I'm attempting to parse a txt file into a csv with 4 headers. However, I'm having some troubles successfully splitting/matching text between two strings that spans across multiple lines. I'm not very experienced with regex. Is there a way to do this without regex? Or does anyone know which combination of regex expressions I could use here?
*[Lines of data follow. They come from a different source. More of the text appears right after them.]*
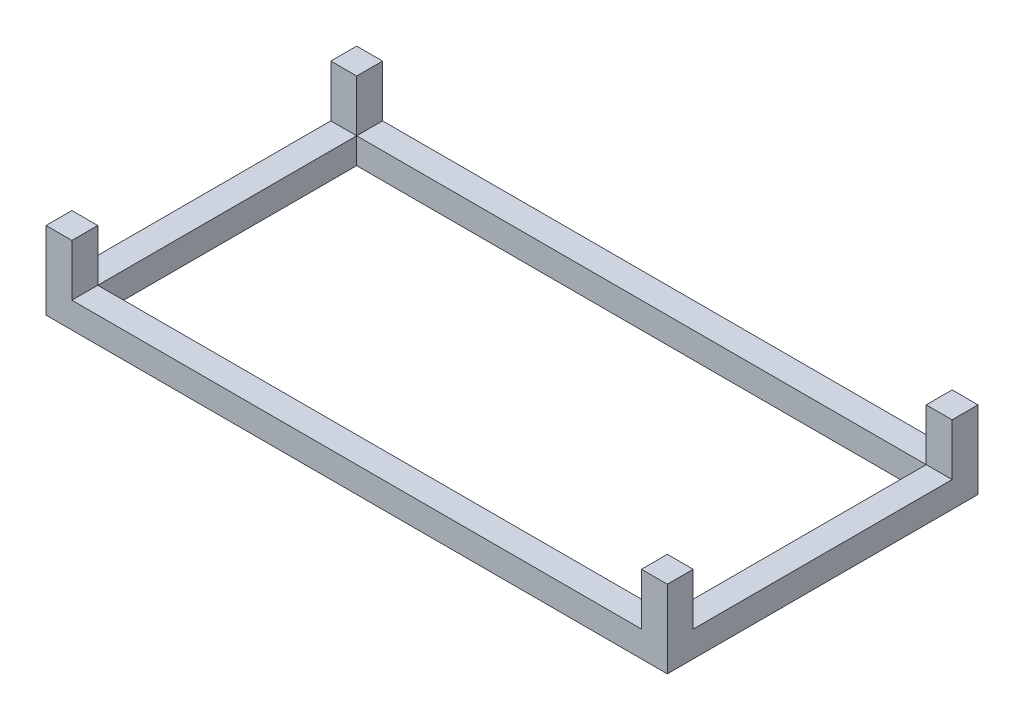
ISO-10303-21;
HEADER;
FILE_DESCRIPTION(('STEP AP214'),'2;1');
FILE_NAME('part.step','',(''),(''),'','','');
FILE_SCHEMA(('AUTOMOTIVE_DESIGN { 1 0 10303 214 1 1 1 1 }'));
ENDSEC;
DATA;
#1=APPLICATION_CONTEXT('core data for automotive mechanical design processes');
#2=APPLICATION_PROTOCOL_DEFINITION('international standard','automotive_design',2000,#1);
#3=PRODUCT_CONTEXT('',#1,'mechanical');
#4=PRODUCT('Part','Part','',(#3));
#5=PRODUCT_RELATED_PRODUCT_CATEGORY('part','',(#4));
#6=PRODUCT_DEFINITION_FORMATION('','',#4);
#7=PRODUCT_DEFINITION_CONTEXT('part definition',#1,'design');
#8=PRODUCT_DEFINITION('design','',#6,#7);
#9=PRODUCT_DEFINITION_SHAPE('','',#8);
#10=(LENGTH_UNIT() NAMED_UNIT(*) SI_UNIT(.MILLI.,.METRE.));
#11=(NAMED_UNIT(*) PLANE_ANGLE_UNIT() SI_UNIT($,.RADIAN.));
#12=(NAMED_UNIT(*) SI_UNIT($,.STERADIAN.) SOLID_ANGLE_UNIT());
#13=UNCERTAINTY_MEASURE_WITH_UNIT(LENGTH_MEASURE(1.E-05),#10,'distance_accuracy_value','');
#14=(GEOMETRIC_REPRESENTATION_CONTEXT(3) GLOBAL_UNCERTAINTY_ASSIGNED_CONTEXT((#13)) GLOBAL_UNIT_ASSIGNED_CONTEXT((#10,
#11,#12)) REPRESENTATION_CONTEXT('',''));
#15=CARTESIAN_POINT('',(0.,0.,0.));
#16=DIRECTION('',(0.,0.,1.));
#17=DIRECTION('',(1.,0.,0.));
#18=AXIS2_PLACEMENT_3D('',#15,#16,#17);
#19=CARTESIAN_POINT('',(0.,0.,0.));
#20=DIRECTION('',(0.,1.,0.));
#21=DIRECTION('',(0.,0.,1.));
#22=AXIS2_PLACEMENT_3D('',#19,#20,#21);
#23=PLANE('',#22);
#24=DIRECTION('',(1.,0.,0.));
#25=VECTOR('',#24,1.);
#26=CARTESIAN_POINT('',(-69.85,0.,-31.75));
#27=LINE('',#26,#25);
#28=CARTESIAN_POINT('',(-69.85,0.,-31.75));
#29=VERTEX_POINT('',#28);
#30=CARTESIAN_POINT('',(69.85,0.,-31.75));
#31=VERTEX_POINT('',#30);
#32=EDGE_CURVE('E266',#29,#31,#27,.T.);
#33=ORIENTED_EDGE('',*,*,#32,.T.);
#34=DIRECTION('',(0.,0.,1.));
#35=VECTOR('',#34,1.);
#36=CARTESIAN_POINT('',(69.85,0.,-31.75));
#37=LINE('',#36,#35);
#38=CARTESIAN_POINT('',(69.85,0.,-38.1));
#39=VERTEX_POINT('',#38);
#40=EDGE_CURVE('E50',#39,#31,#37,.T.);
#41=ORIENTED_EDGE('',*,*,#40,.F.);
#42=DIRECTION('',(-1.,0.,0.));
#43=VECTOR('',#42,1.);
#44=CARTESIAN_POINT('',(-76.2,0.,-38.1));
#45=LINE('',#44,#43);
#46=CARTESIAN_POINT('',(-69.85,0.,-38.1));
#47=VERTEX_POINT('',#46);
#48=EDGE_CURVE('E298',#39,#47,#45,.T.);
#49=ORIENTED_EDGE('',*,*,#48,.T.);
#50=DIRECTION('',(0.,0.,-1.));
#51=VECTOR('',#50,1.);
#52=CARTESIAN_POINT('',(-69.85,0.,-38.1));
#53=LINE('',#52,#51);
#54=EDGE_CURVE('E243',#29,#47,#53,.T.);
#55=ORIENTED_EDGE('',*,*,#54,.F.);
#56=EDGE_LOOP('',(#33,#41,#49,#55));
#57=FACE_BOUND('',#56,.T.);
#58=ADVANCED_FACE('F33',(#57),#23,.T.);
#59=DIRECTION('',(0.,0.,-1.));
#60=VECTOR('',#59,1.);
#61=CARTESIAN_POINT('',(76.2,0.,-38.1));
#62=LINE('',#61,#60);
#63=CARTESIAN_POINT('',(76.2,0.,31.75));
#64=VERTEX_POINT('',#63);
#65=CARTESIAN_POINT('',(76.2,0.,-31.75));
#66=VERTEX_POINT('',#65);
#67=EDGE_CURVE('E58',#64,#66,#62,.T.);
#68=ORIENTED_EDGE('',*,*,#67,.T.);
#69=DIRECTION('',(1.,0.,0.));
#70=VECTOR('',#69,1.);
#71=CARTESIAN_POINT('',(69.85,0.,-31.75));
#72=LINE('',#71,#70);
#73=EDGE_CURVE('E180',#31,#66,#72,.T.);
#74=ORIENTED_EDGE('',*,*,#73,.F.);
#75=DIRECTION('',(0.,0.,1.));
#76=VECTOR('',#75,1.);
#77=CARTESIAN_POINT('',(69.85,0.,31.75));
#78=LINE('',#77,#76);
#79=CARTESIAN_POINT('',(69.85,0.,31.75));
#80=VERTEX_POINT('',#79);
#81=EDGE_CURVE('E269',#31,#80,#78,.T.);
#82=ORIENTED_EDGE('',*,*,#81,.T.);
#83=DIRECTION('',(-1.,0.,0.));
#84=VECTOR('',#83,1.);
#85=CARTESIAN_POINT('',(69.85,0.,31.75));
#86=LINE('',#85,#84);
#87=EDGE_CURVE('E186',#64,#80,#86,.T.);
#88=ORIENTED_EDGE('',*,*,#87,.F.);
#89=EDGE_LOOP('',(#68,#74,#82,#88));
#90=FACE_BOUND('',#89,.T.);
#91=ADVANCED_FACE('F374',(#90),#23,.T.);
#92=DIRECTION('',(1.,0.,0.));
#93=VECTOR('',#92,1.);
#94=CARTESIAN_POINT('',(-76.2,0.,38.1));
#95=LINE('',#94,#93);
#96=CARTESIAN_POINT('',(-69.85,0.,38.1));
#97=VERTEX_POINT('',#96);
#98=CARTESIAN_POINT('',(69.8499999999999,0.,38.1));
#99=VERTEX_POINT('',#98);
#100=EDGE_CURVE('E308',#97,#99,#95,.T.);
#101=ORIENTED_EDGE('',*,*,#100,.T.);
#102=DIRECTION('',(0.,0.,1.));
#103=VECTOR('',#102,1.);
#104=CARTESIAN_POINT('',(69.85,0.,31.75));
#105=LINE('',#104,#103);
#106=EDGE_CURVE('E183',#80,#99,#105,.T.);
#107=ORIENTED_EDGE('',*,*,#106,.F.);
#108=DIRECTION('',(-1.,0.,0.));
#109=VECTOR('',#108,1.);
#110=CARTESIAN_POINT('',(-69.85,0.,31.75));
#111=LINE('',#110,#109);
#112=CARTESIAN_POINT('',(-69.85,0.,31.75));
#113=VERTEX_POINT('',#112);
#114=EDGE_CURVE('E272',#80,#113,#111,.T.);
#115=ORIENTED_EDGE('',*,*,#114,.T.);
#116=DIRECTION('',(0.,0.,-1.));
#117=VECTOR('',#116,1.);
#118=CARTESIAN_POINT('',(-69.85,0.,31.75));
#119=LINE('',#118,#117);
#120=EDGE_CURVE('E213',#97,#113,#119,.T.);
#121=ORIENTED_EDGE('',*,*,#120,.F.);
#122=EDGE_LOOP('',(#101,#107,#115,#121));
#123=FACE_BOUND('',#122,.T.);
#124=ADVANCED_FACE('F362',(#123),#23,.T.);
#125=DIRECTION('',(0.,0.,1.));
#126=VECTOR('',#125,1.);
#127=CARTESIAN_POINT('',(-76.2,0.,-38.1));
#128=LINE('',#127,#126);
#129=CARTESIAN_POINT('',(-76.2,0.,-31.75));
#130=VERTEX_POINT('',#129);
#131=CARTESIAN_POINT('',(-76.2,0.,31.75));
#132=VERTEX_POINT('',#131);
#133=EDGE_CURVE('E287',#130,#132,#128,.T.);
#134=ORIENTED_EDGE('',*,*,#133,.T.);
#135=DIRECTION('',(-1.,0.,0.));
#136=VECTOR('',#135,1.);
#137=CARTESIAN_POINT('',(-69.85,0.,31.75));
#138=LINE('',#137,#136);
#139=EDGE_CURVE('E218',#113,#132,#138,.T.);
#140=ORIENTED_EDGE('',*,*,#139,.F.);
#141=DIRECTION('',(0.,0.,-1.));
#142=VECTOR('',#141,1.);
#143=CARTESIAN_POINT('',(-69.85,0.,31.75));
#144=LINE('',#143,#142);
#145=EDGE_CURVE('E264',#113,#29,#144,.T.);
#146=ORIENTED_EDGE('',*,*,#145,.T.);
#147=DIRECTION('',(1.,0.,0.));
#148=VECTOR('',#147,1.);
#149=CARTESIAN_POINT('',(-76.2,0.,-31.75));
#150=LINE('',#149,#148);
#151=EDGE_CURVE('E238',#130,#29,#150,.T.);
#152=ORIENTED_EDGE('',*,*,#151,.F.);
#153=EDGE_LOOP('',(#134,#140,#146,#152));
#154=FACE_BOUND('',#153,.T.);
#155=ADVANCED_FACE('F390',(#154),#23,.T.);
#156=CARTESIAN_POINT('',(-76.2,-6.35,-38.1));
#157=DIRECTION('',(-1.,0.,0.));
#158=DIRECTION('',(0.,0.,1.));
#159=AXIS2_PLACEMENT_3D('',#156,#157,#158);
#160=PLANE('',#159);
#161=ORIENTED_EDGE('',*,*,#133,.F.);
#162=DIRECTION('',(0.,-1.,0.));
#163=VECTOR('',#162,1.);
#164=CARTESIAN_POINT('',(-76.2,12.7,-31.75));
#165=LINE('',#164,#163);
#166=CARTESIAN_POINT('',(-76.2,12.7,-31.75));
#167=VERTEX_POINT('',#166);
#168=EDGE_CURVE('E260',#167,#130,#165,.T.);
#169=ORIENTED_EDGE('',*,*,#168,.F.);
#170=DIRECTION('',(0.,0.,1.));
#171=VECTOR('',#170,1.);
#172=CARTESIAN_POINT('',(-76.2,12.7,-38.1));
#173=LINE('',#172,#171);
#174=CARTESIAN_POINT('',(-76.2,12.7,-38.1));
#175=VERTEX_POINT('',#174);
#176=EDGE_CURVE('E239',#175,#167,#173,.T.);
#177=ORIENTED_EDGE('',*,*,#176,.F.);
#178=DIRECTION('',(0.,1.,0.));
#179=VECTOR('',#178,1.);
#180=CARTESIAN_POINT('',(-76.2,-6.35,-38.1));
#181=LINE('',#180,#179);
#182=CARTESIAN_POINT('',(-76.2,-6.35,-38.1));
#183=VERTEX_POINT('',#182);
#184=EDGE_CURVE('E11',#183,#175,#181,.T.);
#185=ORIENTED_EDGE('',*,*,#184,.F.);
#186=DIRECTION('',(0.,0.,1.));
#187=VECTOR('',#186,1.);
#188=CARTESIAN_POINT('',(-76.2,-6.35,-38.1));
#189=LINE('',#188,#187);
#190=CARTESIAN_POINT('',(-76.2,-6.35,38.1));
#191=VERTEX_POINT('',#190);
#192=EDGE_CURVE('E294',#183,#191,#189,.T.);
#193=ORIENTED_EDGE('',*,*,#192,.T.);
#194=DIRECTION('',(0.,1.,0.));
#195=VECTOR('',#194,1.);
#196=CARTESIAN_POINT('',(-76.2,-6.35,38.1));
#197=LINE('',#196,#195);
#198=CARTESIAN_POINT('',(-76.2,12.7,38.1));
#199=VERTEX_POINT('',#198);
#200=EDGE_CURVE('E37',#191,#199,#197,.T.);
#201=ORIENTED_EDGE('',*,*,#200,.T.);
#202=DIRECTION('',(0.,0.,1.));
#203=VECTOR('',#202,1.);
#204=CARTESIAN_POINT('',(-76.2,12.7,31.75));
#205=LINE('',#204,#203);
#206=CARTESIAN_POINT('',(-76.2,12.7,31.75));
#207=VERTEX_POINT('',#206);
#208=EDGE_CURVE('E220',#207,#199,#205,.T.);
#209=ORIENTED_EDGE('',*,*,#208,.F.);
#210=DIRECTION('',(0.,-1.,0.));
#211=VECTOR('',#210,1.);
#212=CARTESIAN_POINT('',(-76.2,12.7,31.75));
#213=LINE('',#212,#211);
#214=EDGE_CURVE('E232',#207,#132,#213,.T.);
#215=ORIENTED_EDGE('',*,*,#214,.T.);
#216=EDGE_LOOP('',(#161,#169,#177,#185,#193,#201,#209,#215));
#217=FACE_BOUND('',#216,.T.);
#218=ADVANCED_FACE('F35',(#217),#160,.T.);
#219=CARTESIAN_POINT('',(-76.2,-6.35,-38.1));
#220=DIRECTION('',(0.,0.,-1.));
#221=DIRECTION('',(-1.,0.,0.));
#222=AXIS2_PLACEMENT_3D('',#219,#220,#221);
#223=PLANE('',#222);
#224=ORIENTED_EDGE('',*,*,#48,.F.);
#225=DIRECTION('',(0.,-1.,0.));
#226=VECTOR('',#225,1.);
#227=CARTESIAN_POINT('',(69.85,12.7,-38.1));
#228=LINE('',#227,#226);
#229=CARTESIAN_POINT('',(69.85,12.7,-38.1));
#230=VERTEX_POINT('',#229);
#231=EDGE_CURVE('E188',#230,#39,#228,.T.);
#232=ORIENTED_EDGE('',*,*,#231,.F.);
#233=DIRECTION('',(-1.,0.,0.));
#234=VECTOR('',#233,1.);
#235=CARTESIAN_POINT('',(69.85,12.7,-38.1));
#236=LINE('',#235,#234);
#237=CARTESIAN_POINT('',(76.2,12.7,-38.1));
#238=VERTEX_POINT('',#237);
#239=EDGE_CURVE('E176',#238,#230,#236,.T.);
#240=ORIENTED_EDGE('',*,*,#239,.F.);
#241=DIRECTION('',(0.,1.,0.));
#242=VECTOR('',#241,1.);
#243=CARTESIAN_POINT('',(76.2,-6.35,-38.1));
#244=LINE('',#243,#242);
#245=CARTESIAN_POINT('',(76.2,-6.35,-38.1));
#246=VERTEX_POINT('',#245);
#247=EDGE_CURVE('E42',#246,#238,#244,.T.);
#248=ORIENTED_EDGE('',*,*,#247,.F.);
#249=DIRECTION('',(-1.,0.,0.));
#250=VECTOR('',#249,1.);
#251=CARTESIAN_POINT('',(-76.2,-6.35,-38.1));
#252=LINE('',#251,#250);
#253=EDGE_CURVE('E304',#246,#183,#252,.T.);
#254=ORIENTED_EDGE('',*,*,#253,.T.);
#255=ORIENTED_EDGE('',*,*,#184,.T.);
#256=DIRECTION('',(-1.,0.,0.));
#257=VECTOR('',#256,1.);
#258=CARTESIAN_POINT('',(-76.2,12.7,-38.1));
#259=LINE('',#258,#257);
#260=CARTESIAN_POINT('',(-69.85,12.7,-38.1));
#261=VERTEX_POINT('',#260);
#262=EDGE_CURVE('E247',#261,#175,#259,.T.);
#263=ORIENTED_EDGE('',*,*,#262,.F.);
#264=DIRECTION('',(0.,-1.,0.));
#265=VECTOR('',#264,1.);
#266=CARTESIAN_POINT('',(-69.85,12.7,-38.1));
#267=LINE('',#266,#265);
#268=EDGE_CURVE('E250',#261,#47,#267,.T.);
#269=ORIENTED_EDGE('',*,*,#268,.T.);
#270=EDGE_LOOP('',(#224,#232,#240,#248,#254,#255,#263,#269));
#271=FACE_BOUND('',#270,.T.);
#272=ADVANCED_FACE('F347',(#271),#223,.T.);
#273=CARTESIAN_POINT('',(76.2,-6.35,-38.1));
#274=DIRECTION('',(1.,0.,0.));
#275=DIRECTION('',(0.,0.,-1.));
#276=AXIS2_PLACEMENT_3D('',#273,#274,#275);
#277=PLANE('',#276);
#278=ORIENTED_EDGE('',*,*,#67,.F.);
#279=DIRECTION('',(0.,-1.,0.));
#280=VECTOR('',#279,1.);
#281=CARTESIAN_POINT('',(76.2,12.7,31.75));
#282=LINE('',#281,#280);
#283=CARTESIAN_POINT('',(76.2,12.7,31.75));
#284=VERTEX_POINT('',#283);
#285=EDGE_CURVE('E207',#284,#64,#282,.T.);
#286=ORIENTED_EDGE('',*,*,#285,.F.);
#287=DIRECTION('',(0.,0.,-1.));
#288=VECTOR('',#287,1.);
#289=CARTESIAN_POINT('',(76.2,12.7,31.75));
#290=LINE('',#289,#288);
#291=CARTESIAN_POINT('',(76.2,12.7,38.1));
#292=VERTEX_POINT('',#291);
#293=EDGE_CURVE('E198',#292,#284,#290,.T.);
#294=ORIENTED_EDGE('',*,*,#293,.F.);
#295=DIRECTION('',(0.,1.,0.));
#296=VECTOR('',#295,1.);
#297=CARTESIAN_POINT('',(76.2,-6.35,38.1));
#298=LINE('',#297,#296);
#299=CARTESIAN_POINT('',(76.2,-6.35,38.1));
#300=VERTEX_POINT('',#299);
#301=EDGE_CURVE('E312',#300,#292,#298,.T.);
#302=ORIENTED_EDGE('',*,*,#301,.F.);
#303=DIRECTION('',(0.,0.,-1.));
#304=VECTOR('',#303,1.);
#305=CARTESIAN_POINT('',(76.2,-6.35,-38.1));
#306=LINE('',#305,#304);
#307=EDGE_CURVE('E301',#300,#246,#306,.T.);
#308=ORIENTED_EDGE('',*,*,#307,.T.);
#309=ORIENTED_EDGE('',*,*,#247,.T.);
#310=DIRECTION('',(0.,0.,-1.));
#311=VECTOR('',#310,1.);
#312=CARTESIAN_POINT('',(76.2,12.7,-31.75));
#313=LINE('',#312,#311);
#314=CARTESIAN_POINT('',(76.2,12.7,-31.75));
#315=VERTEX_POINT('',#314);
#316=EDGE_CURVE('E170',#315,#238,#313,.T.);
#317=ORIENTED_EDGE('',*,*,#316,.F.);
#318=DIRECTION('',(0.,-1.,0.));
#319=VECTOR('',#318,1.);
#320=CARTESIAN_POINT('',(76.2,12.7,-31.75));
#321=LINE('',#320,#319);
#322=EDGE_CURVE('E166',#315,#66,#321,.T.);
#323=ORIENTED_EDGE('',*,*,#322,.T.);
#324=EDGE_LOOP('',(#278,#286,#294,#302,#308,#309,#317,#323));
#325=FACE_BOUND('',#324,.T.);
#326=ADVANCED_FACE('F349',(#325),#277,.T.);
#327=CARTESIAN_POINT('',(-76.2,-6.35,38.1));
#328=DIRECTION('',(0.,0.,1.));
#329=DIRECTION('',(1.,0.,0.));
#330=AXIS2_PLACEMENT_3D('',#327,#328,#329);
#331=PLANE('',#330);
#332=ORIENTED_EDGE('',*,*,#100,.F.);
#333=DIRECTION('',(0.,-1.,0.));
#334=VECTOR('',#333,1.);
#335=CARTESIAN_POINT('',(-69.85,12.7,38.1));
#336=LINE('',#335,#334);
#337=CARTESIAN_POINT('',(-69.85,12.7,38.1));
#338=VERTEX_POINT('',#337);
#339=EDGE_CURVE('E225',#338,#97,#336,.T.);
#340=ORIENTED_EDGE('',*,*,#339,.F.);
#341=DIRECTION('',(1.,0.,0.));
#342=VECTOR('',#341,1.);
#343=CARTESIAN_POINT('',(-69.85,12.7,38.1));
#344=LINE('',#343,#342);
#345=EDGE_CURVE('E223',#199,#338,#344,.T.);
#346=ORIENTED_EDGE('',*,*,#345,.F.);
#347=ORIENTED_EDGE('',*,*,#200,.F.);
#348=DIRECTION('',(1.,0.,0.));
#349=VECTOR('',#348,1.);
#350=CARTESIAN_POINT('',(-76.2,-6.35,38.1));
#351=LINE('',#350,#349);
#352=EDGE_CURVE('E297',#191,#300,#351,.T.);
#353=ORIENTED_EDGE('',*,*,#352,.T.);
#354=ORIENTED_EDGE('',*,*,#301,.T.);
#355=DIRECTION('',(1.,0.,0.));
#356=VECTOR('',#355,1.);
#357=CARTESIAN_POINT('',(69.85,12.7,38.1));
#358=LINE('',#357,#356);
#359=CARTESIAN_POINT('',(69.85,12.7,38.1));
#360=VERTEX_POINT('',#359);
#361=EDGE_CURVE('E195',#360,#292,#358,.T.);
#362=ORIENTED_EDGE('',*,*,#361,.F.);
#363=DIRECTION('',(0.,-1.,0.));
#364=VECTOR('',#363,1.);
#365=CARTESIAN_POINT('',(69.85,12.7,38.1));
#366=LINE('',#365,#364);
#367=EDGE_CURVE('E210',#360,#99,#366,.T.);
#368=ORIENTED_EDGE('',*,*,#367,.T.);
#369=EDGE_LOOP('',(#332,#340,#346,#347,#353,#354,#362,#368));
#370=FACE_BOUND('',#369,.T.);
#371=ADVANCED_FACE('F324',(#370),#331,.T.);
#372=CARTESIAN_POINT('',(0.,-6.35,0.));
#373=DIRECTION('',(0.,1.,0.));
#374=DIRECTION('',(0.,0.,1.));
#375=AXIS2_PLACEMENT_3D('',#372,#373,#374);
#376=PLANE('',#375);
#377=DIRECTION('',(1.,0.,0.));
#378=VECTOR('',#377,1.);
#379=CARTESIAN_POINT('',(-69.85,-6.35,-31.75));
#380=LINE('',#379,#378);
#381=CARTESIAN_POINT('',(-69.85,-6.35,-31.75));
#382=VERTEX_POINT('',#381);
#383=CARTESIAN_POINT('',(69.85,-6.35,-31.75));
#384=VERTEX_POINT('',#383);
#385=EDGE_CURVE('E277',#382,#384,#380,.T.);
#386=ORIENTED_EDGE('',*,*,#385,.F.);
#387=DIRECTION('',(0.,0.,-1.));
#388=VECTOR('',#387,1.);
#389=CARTESIAN_POINT('',(-69.85,-6.35,31.75));
#390=LINE('',#389,#388);
#391=CARTESIAN_POINT('',(-69.85,-6.35,31.75));
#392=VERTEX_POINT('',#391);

I started with the following code but welcome any suggestions/recommendations if there's a better way to go about this:
$input = Get-Content ‘C:\Example.txt’
$output = ‘C:\Example.csv’
$regex = "'PRINT(.*?\n)PRINT'"
$regex2 = "'INSERT' -or $_ -eq 'UPDATE'"
$matches = [regex]::Matches($input, $regex)::multiline
$array = @()
$matches | for each-object{
$write-object = False
$obj = New-Object System.Object
If $_ -match $regex
}
If ($writeobj){
$obj | Add-Member -type NoteProperty -name row1 -value $row
$array += $obj
}
$array | Export-csv -path $output
DESIRED OUTPUT:
SECTION | UPDATE/INSERT | TABLE | CHANGE BLOCK |
---|---|---|---|
AA | UPDATE | Table_1 | COL_1 = ‘123’ WHERE ID= ‘1’ |
BB | INSERT | Table_2 | (DBO.COL_1) SELECT Col1Value AS [Col_1] FROM Table_1 |
CC | UPDATE | Table_1 | COL_3 |
CC | INSERT | Table_2 | (DBO.COL_3) SELECT Col3Value AS [Col_3] FROM Table_2 |
EXAMPLE .TXT CONTENT:
--AA*************************** --PRINT AA UPDATE Table_1 SET COL_1 = '123' WHERE ID = '1' --BB*************************** --PRINT BB INSERT INTO [dbo].[Table_2] (DBO.COL_1) SELECT Col1Value AS [Col_1] FROM Table_1 --CC*************************** --PRINT CC UPDATE Table_1 SET COL_3 = 'ABC' WHERE ID = '3' AND ID2 = '1a' INSERT INTO [dbo].[Table_2] (DBO.COL_3) SELECT Col3Value AS [Col_3] FROM Table_2
My suggestion is to read the entire file in as a multi-line string using the -Raw
switch parameter. Then you can split the file by sections (AA, BB, etc) and parse each section with regex. I do a bunch of -replace
to strip out just the info I want for each property here.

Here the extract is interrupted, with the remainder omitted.